Brand and reputation management is important for many reasons beyond the impact on the bottom line. People want to work for companies that are aligned with their values. If your company comes under attack for something like not being diverse enough or for doing business in countries violating human rights or for tough work schedules, the brand damage can be swift. Some of the consequences include making it more challenging to attract, hire, and retain talent and making it more difficult to become an employer of choice or stay union-free. Frequently, an attack on a brand precedes union organizing efforts. The reason is simple: The union knows the vulnerability that gives it the most leverage.   

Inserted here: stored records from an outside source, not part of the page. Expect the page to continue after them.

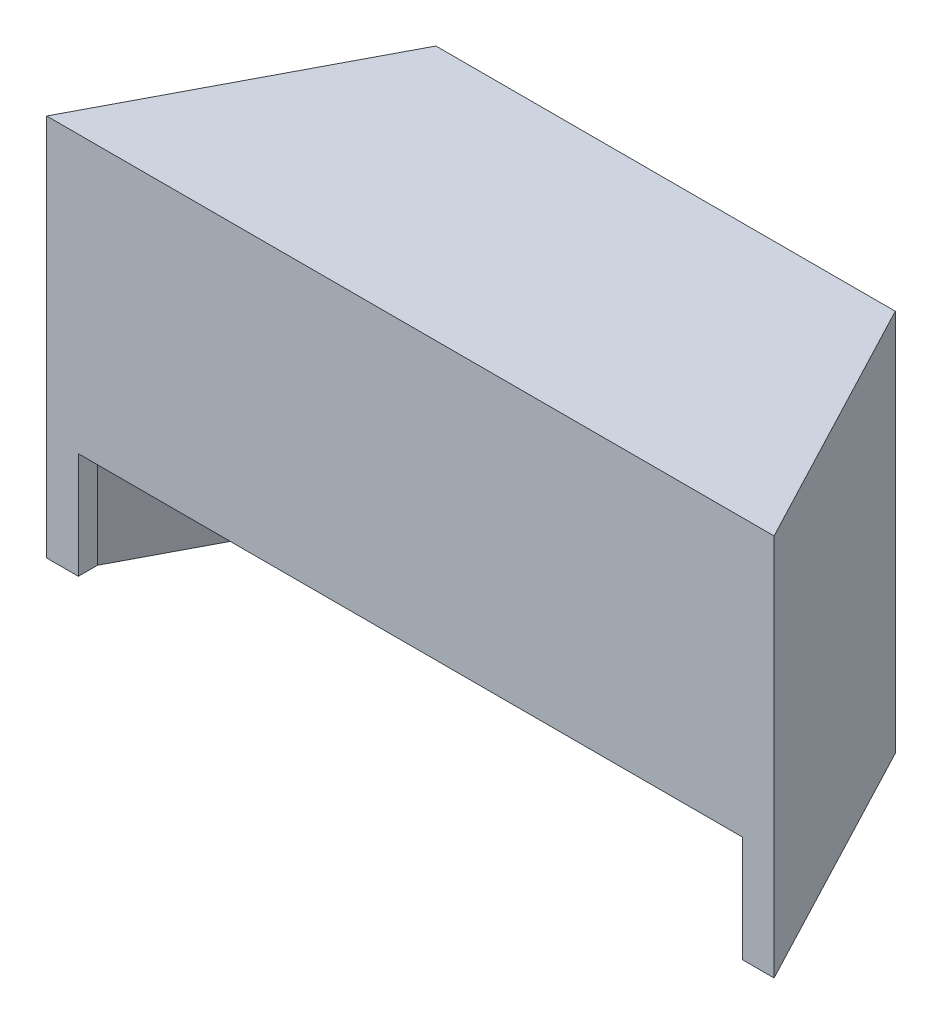
from build123d import *

# Parameters (mm, degrees)
SALIENTE_EXTRUIR1_DEPTH = 30
VACIADO1_T              = -1.5
CROQUIS4_W              = 36
CROQUIS4_H              = 8.3
CORTAR_EXTRUIR2_DEPTH   = 10
CROQUIS5_W              = 52.0366929
CROQUIS5_H              = 8.322917461
CORTAR_EXTRUIR3_DEPTH   = 10


with BuildPart() as part:
    # Croquis1 → Saliente-Extruir1 (new body)
    with BuildSketch(Plane(origin=(0, 0, 0), x_dir=(1, 0, 0), z_dir=(0, 1, 0))):
        Polygon((-28.5, -0.205897881), (-18, 19.794102119), (18, 19.794102119), (28.5, -0.205897881), align=None)
    extrude(amount=SALIENTE_EXTRUIR1_DEPTH)

    # Vaciado1
    vaciado1_openings = [part.faces().sort_by_distance(p)[0] for p in [
        (0, 0, -9.041413947),
    ]]
    offset(amount=VACIADO1_T, openings=vaciado1_openings, kind=Kind.INTERSECTION)

    # Croquis4 → Cortar-Extruir2 (cut)
    with BuildSketch(Plane(origin=(0, 0, -19.794102119), x_dir=(-1, 0, 0), z_dir=(0, 0, -1))):
        with Locations((0, 4.15)):
            Rectangle(CROQUIS4_W, CROQUIS4_H)
    extrude(amount=-CORTAR_EXTRUIR2_DEPTH, mode=Mode.SUBTRACT)

    # Croquis5 → Cortar-Extruir3 (cut)
    with BuildSketch(Plane(origin=(0, 0, -1.294102119), x_dir=(-1, 0, 0), z_dir=(0, 0, -1))):
        with Locations((0, 4.161458731)):
            Rectangle(CROQUIS5_W, CROQUIS5_H)
    extrude(amount=-CORTAR_EXTRUIR3_DEPTH, mode=Mode.SUBTRACT)


solid = part.part

You need an effective corporate reputation management plan which includes a communication plan for responding internally and externally. Out of the many situations that have arisen over the past years is the realization that responding rapidly, truthfully, and with a path forward can save a company’s reputation and help your company stay union-free. If your company has a value of transparency, being transparent when a crisis hits is crucial. Management will quickly be called hypocritical if you don’t uphold your values. Leaders must lead from values at all times. Employees want to know they are valued and play a critical role in the company’s success. During a crisis, you need them as company advocates. 

Getting ahead of the public discourse is crucial to minimizing the impact of the crisis. Talking to employees directly is as important as the public relations response addressing the negative claims made. You want to get ahead of the bad publicity by explaining the crisis and the company’s response. Otherwise, employees will start posting their perspectives on social media without having all the facts. You want employees who are advocates for your business during a crisis.  

One strategy for identifying potential reputation risks and managing industry-related issues is participating in trade associations. Mike Lake at IRI says, “Trade associations are great places that your organizations can go to collaborate as an industry. It’s also important for organizations to have a good social media monitoring system to stay ahead of any bad publicity that may arise within the industry.” Social media monitoring yields data and data analytics that can give you an early warning of potential employee issues or a looming crisis. Social listening should be included in the crisis management plan and employed on a routine basis because it promotes positive social media usage for your brand.  

crisis management

Brand Crisis Management Planning in a World of Crises 

Almost every company today experiences one or more crises because there is so much ongoing disruption in the business environment and because employees and the public can easily attack a company brand and hurt its reputation in a public manner. Labor unions are always interested in recruiting collaborators to assist with corporate attacks.  

Unionization is not the only risk, of course, but the damage a union organizing campaign can do to the corporate brand is potentially immense. Many companies use outside resources, like IRI Consultants, to help them prepare a crisis management plan or a corporate reputation management plan. This gives you access to the expertise you may not have internally. Whether or not you decide to use external resources, the most essential point is to be proactive in brand crisis management. The next crisis is around the corner. Of that, you can be certain.